___ Data for review
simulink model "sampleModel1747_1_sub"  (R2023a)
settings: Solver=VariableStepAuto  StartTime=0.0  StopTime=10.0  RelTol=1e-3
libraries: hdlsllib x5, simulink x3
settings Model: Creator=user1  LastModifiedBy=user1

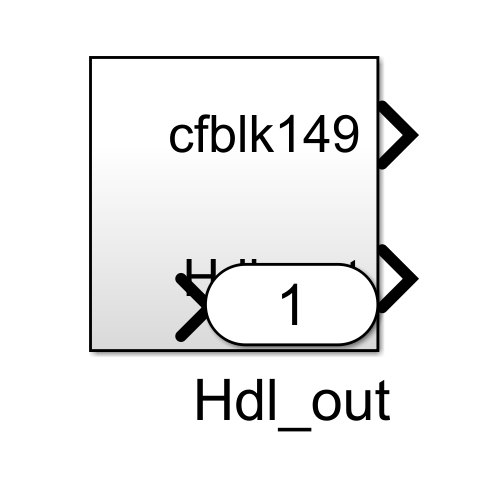
[thumbnail: Simulink's stored preview of the top-level diagram]
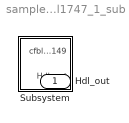
== system sampleModel1747_1_sub ==
  Subsystem : Subsystem
  Hdl_out : Outport  OutDataTypeStr=uint8

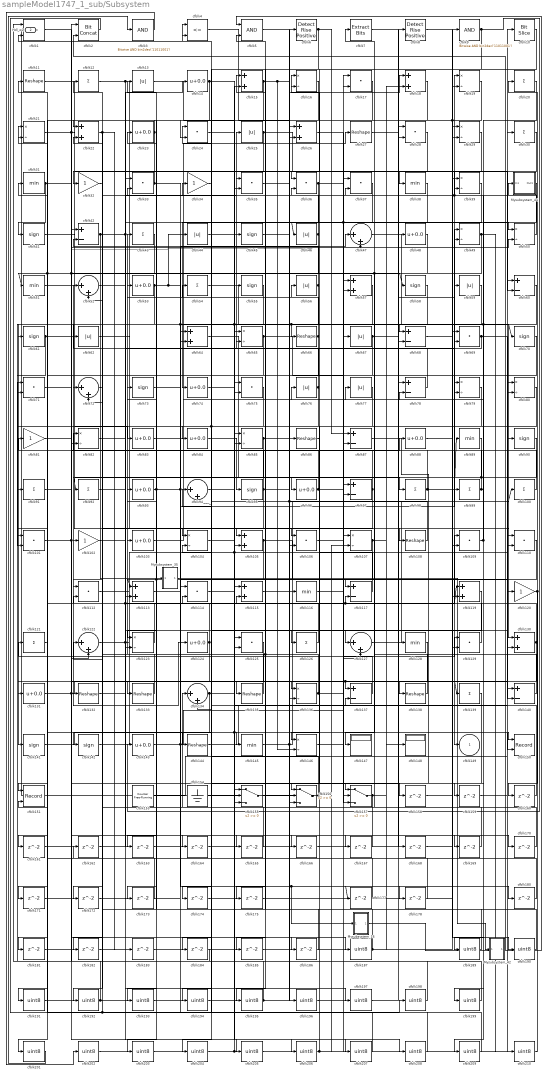
== system sampleModel1747_1_sub/Subsystem ==
  Mysubsystem_16 : Subsystem  TreatAsAtomicUnit=on  RTWFcnName=Mysubsystem_16
      settings: RTWFcnNameOpts=User specified  RTWFileNameOpts=Use function name
  Mysubsystem_35 : Subsystem  TreatAsAtomicUnit=on  RTWFcnName=Mysubsystem_35
      settings: RTWFcnNameOpts=User specified  RTWFileNameOpts=Use function name
  Mysubsystem_42 : Subsystem  TreatAsAtomicUnit=on  RTWFcnName=Mysubsystem_42
      settings: RTWFcnNameOpts=User specified  RTWFileNameOpts=Use function name
  Mysubsystem_44 : Subsystem  TreatAsAtomicUnit=on  RTWFcnName=Mysubsystem_44
      settings: RTWFcnNameOpts=User specified  RTWFileNameOpts=Use function name
  cfblk1 : RelationalOperator  Operator=<=  OutDataTypeStr=boolean  InputSameDT=off
  cfblk10 : hdlsllib/Logic and Bit Operations/Bit Slice  lidx=7  ridx=0
  cfblk{12,20,30,43,54,91..92,98..100,121,126,139} (13 alike) : Sum  Inputs=+  OutDataTypeStr=uint8
  cfblk{17,24,28,33,35..37,69,71,75,101,106,109..110,112,114,125,129} (18 alike) : DotProduct  OutDataTypeStr=uint8
  cfblk{32,34,81,102,120} (5 alike) : Gain  OutDataTypeStr=uint8
  cfblk{14,23,48,53,74,83..84,88,93,96,103,124,131,143} (14 alike) : Bias  Bias=0.0  SaturateOnIntegerOverflow=off
  cfblk{16,19,21,29,39,49..50,65,79..80,82,85,104,107,123,136,146} (17 alike) : Product  Inputs=*/  OutDataTypeStr=uint8  RndMeth=Zero  SaturateOnIntegerOverflow=on
  cfblk{15,18,22,26,57,64,105,113,115,119,130} (11 alike) : Sum  OutDataTypeStr=uint8
  cfblk{11,27,66,86,108,132..133,135,138,144} (10 alike) : Reshape
  cfblk{31,38,51,89,116,128,145} (7 alike) : MinMax  OutDataTypeStr=uint8
  cfblk{42,60,68,78,87,97,117,137,140} (9 alike) : Sum  Inputs=+-  OutDataTypeStr=uint8
  cfblk{47,52,72,94,122,127,134} (7 alike) : Sum  Inputs=|++  OutDataTypeStr=uint8
  cfblk{13,25,44,46,56,59,62,67,76..77} (10 alike) : Abs  OutDataTypeStr=uint8  SaturateOnIntegerOverflow=off
  cfblk{41,45,55,58,61,70,73,90,95,141..142} (11 alike) : Signum
  cfblk147 : Display
  cfblk148 : Display
  cfblk150 : Record  FileSettingsInternal="{\"entries\":[{\"content\":{\"excelSettings\":{\"content\":{},\"type\":\"Streamout.ExcelSettings\"}},\"type\":\"Streamout.FileSettingStorage\",\"uuid\":\"\"}],\"packageUris\":[\"http:\\/\\/schema.mathworks.com\\/mf0\\/streamout_blocks\\/R2020a\"],\"version\":\"1.0\"}"  Layout=[1 1]  SignalsInternal="{\"entries\":[{\"content\":{\"signals\":[{\"content\":{\"blockPath\":[],\"dimensions\":[1],\"domain\":\"\",\"lineColor\":\"#a2142f\",\"plots\":[1],\"port\":1,\"signalID\":39164,\"signalName\":\"cfblk36\"},\"type\":\"RecordBlkView.Signal\",\"uuid\":\"\"},{\"content\":{\"blockPath\":[],\"dimensions\":[1],\"domain\":\"\",\"lineColor\":\"#139fff\",\"plots\":[1],\"port\":2,\"signalID\":39167,\"signalName\":\"cfblk74\"},\"type\":\"RecordBlkView.Signal\",\"uuid\":\"\"}]},\"type\":\"RecordBlkView.InputSignals\",\"uuid\":\"\"}],\"packageUris\":[\"http:\\/\\/schema.mathworks.com\\/mf0\\/streamout_blocks\\/R2020a\"],\"version\":\"1.0\"}"  VisualizationBindings="{\"xyplotplugin\":{\"info\":[{\"series\":[{\"bindingParametersList\":[{\"parameter\":\"X-Axis\",\"signalID\":39164,\"signalName\":\"cfblk36\"},{\"parameter\":\"Y-Axis\",\"signalID\":39167,\"signalName\":\"cfblk74\"}],\"seriesID\":53810}],\"subplotID\":1}]}}"  CompatibilityTag=XY  st=-1
  cfblk151 : Record  FileSettingsInternal="{\"entries\":[{\"content\":{\"excelSettings\":{\"content\":{},\"type\":\"Streamout.ExcelSettings\"}},\"type\":\"Streamout.FileSettingStorage\",\"uuid\":\"\"}],\"packageUris\":[\"http:\\/\\/schema.mathworks.com\\/mf0\\/streamout_blocks\\/R2020a\"],\"version\":\"1.0\"}"  Layout=[1 1]  SignalsInternal="{\"entries\":[{\"content\":{\"signals\":[{\"content\":{\"blockPath\":[],\"dimensions\":[1],\"domain\":\"\",\"lineColor\":\"#a2142f\",\"plots\":[1],\"port\":1,\"signalID\":39156,\"signalName\":\"cfblk134\"},\"type\":\"RecordBlkView.Signal\",\"uuid\":\"\"},{\"content\":{\"blockPath\":[],\"dimensions\":[1],\"domain\":\"\",\"lineColor\":\"#139fff\",\"plots\":[1],\"port\":2,\"signalID\":39159,\"signalName\":\"cfblk209\"},\"type\":\"RecordBlkView.Signal\",\"uuid\":\"\"}]},\"type\":\"RecordBlkView.InputSignals\",\"uuid\":\"\"}],\"packageUris\":[\"http:\\/\\/schema.mathworks.com\\/mf0\\/streamout_blocks\\/R2020a\"],\"version\":\"1.0\"}"  VisualizationBindings="{\"xyplotplugin\":{\"info\":[{\"series\":[{\"bindingParametersList\":[{\"parameter\":\"X-Axis\",\"signalID\":39156,\"signalName\":\"cfblk134\"},{\"parameter\":\"Y-Axis\",\"signalID\":39159,\"signalName\":\"cfblk209\"}],\"seriesID\":64283}],\"subplotID\":1}]}}"  CompatibilityTag=XY  st=-1
  cfblk153 : hdlsllib/Sources/Counter Free-Running  NumBits=16  tsamp=-1
  cfblk154 : Ground
  cfblk155 : Switch  OutDataTypeStr=uint8  SaturateOnIntegerOverflow=off  InputSameDT=off
  cfblk156 : Switch  OutDataTypeStr=uint8  SaturateOnIntegerOverflow=off  InputSameDT=off
  cfblk157 : Switch  OutDataTypeStr=uint8  SaturateOnIntegerOverflow=off  InputSameDT=off
  cfblk{158..175,177..178,180..186} (27 alike) : Delay  SampleTime=1
  cfblk{187,189..199,201..210} (22 alike) : DataTypeConversion  OutDataTypeStr=uint8  SaturateOnIntegerOverflow=off  RndMeth=Floor
  cfblk2 : hdlsllib/Logic and Bit Operations/Bit Concat  numInputs=2
  cfblk3 : simulink/Logic and Bit Operations/Bitwise Operator  logicop=AND  UseBitMask=on  BitMask=bin2dec('11011001')  BitMaskRealWorld=Stored Integer
      settings: LibrarySourceBlock=|
      | hdlsllib/Logic and Bit
      | Operations/Bitwise
      | Operator
  cfblk4 : RelationalOperator  Operator=<=  OutDataTypeStr=boolean  InputSameDT=off
  cfblk5 : Logic  AllPortsSameDT=off  OutDataTypeStr=boolean
  cfblk6 : hdlsllib/Logic and Bit Operations/Detect Rise Positive  vinit=0  OutDataTypeStr=uint8
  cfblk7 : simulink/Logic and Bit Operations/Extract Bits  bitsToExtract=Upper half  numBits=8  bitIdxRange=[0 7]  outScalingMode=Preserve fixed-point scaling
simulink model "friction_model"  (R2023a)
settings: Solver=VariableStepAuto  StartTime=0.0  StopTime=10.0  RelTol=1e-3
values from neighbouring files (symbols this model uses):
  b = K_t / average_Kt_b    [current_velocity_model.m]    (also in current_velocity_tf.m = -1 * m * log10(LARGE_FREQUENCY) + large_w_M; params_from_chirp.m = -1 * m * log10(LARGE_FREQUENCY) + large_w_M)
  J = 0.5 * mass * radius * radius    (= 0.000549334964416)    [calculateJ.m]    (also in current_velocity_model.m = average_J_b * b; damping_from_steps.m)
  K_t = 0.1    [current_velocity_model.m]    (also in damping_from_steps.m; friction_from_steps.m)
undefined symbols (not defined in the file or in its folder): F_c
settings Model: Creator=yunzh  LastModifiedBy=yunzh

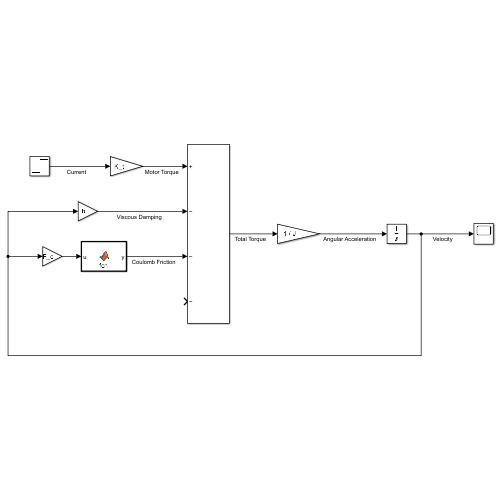
[thumbnail: Simulink's stored preview of the top-level diagram]
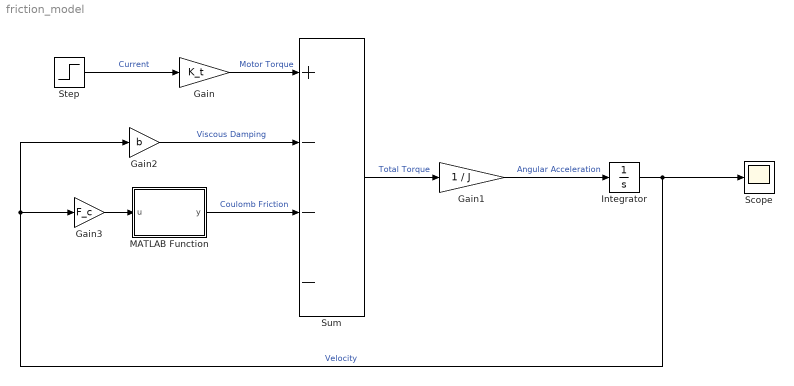
== system friction_model ==
  Gain : Gain  Gain=K_t
  Gain1 : Gain  Gain=1 / J
  Gain2 : Gain  Gain=b
  Gain3 : Gain  Gain=F_c
  Integrator : Integrator
  MATLAB Function : MATLAB Function  TreatAsAtomicUnit=on
  Scope : Scope
  Step : Step  SampleTime=0
  Sum : Sum  Inputs=+---
  wires:
  Gain/1 -> Sum/1  "Motor Torque"
  Step/1 -> Gain/1  "Current"
  Sum/1 -> Gain1/1  "Total Torque"
  Gain2/1 -> Sum/2  "Viscous Damping"
  Gain1/1 -> Integrator/1  "Angular Acceleration"
  Integrator/1 -> Scope/1, Gain2/1, Gain3/1  "Velocity"
  MATLAB Function/1(y) -> Sum/3  "Coulomb Friction"
  Gain3/1 -> MATLAB Function/1(u)

== matlab function friction_model/MATLAB Function ==
  data: u input; y output
function y = fcn(u)
    EPSILON = 0.005;

    if u < EPSILON
        y = 0;
        return;
    end

    y = sign(u);
______
# Task statement
All lines in the data above from the one with "alike) : DotProduct" through the one with "alike) : MinMax" must be repeated exactly, and no others.

# Reply to the task
  cfblk{17,24,28,33,35..37,69,71,75,101,106,109..110,112,114,125,129} (18 alike) : DotProduct  OutDataTypeStr=uint8
  cfblk{32,34,81,102,120} (5 alike) : Gain  OutDataTypeStr=uint8
  cfblk{14,23,48,53,74,83..84,88,93,96,103,124,131,143} (14 alike) : Bias  Bias=0.0  SaturateOnIntegerOverflow=off
  cfblk{16,19,21,29,39,49..50,65,79..80,82,85,104,107,123,136,146} (17 alike) : Product  Inputs=*/  OutDataTypeStr=uint8  RndMeth=Zero  SaturateOnIntegerOverflow=on
  cfblk{15,18,22,26,57,64,105,113,115,119,130} (11 alike) : Sum  OutDataTypeStr=uint8
  cfblk{11,27,66,86,108,132..133,135,138,144} (10 alike) : Reshape
  cfblk{31,38,51,89,116,128,145} (7 alike) : MinMax  OutDataTypeStr=uint8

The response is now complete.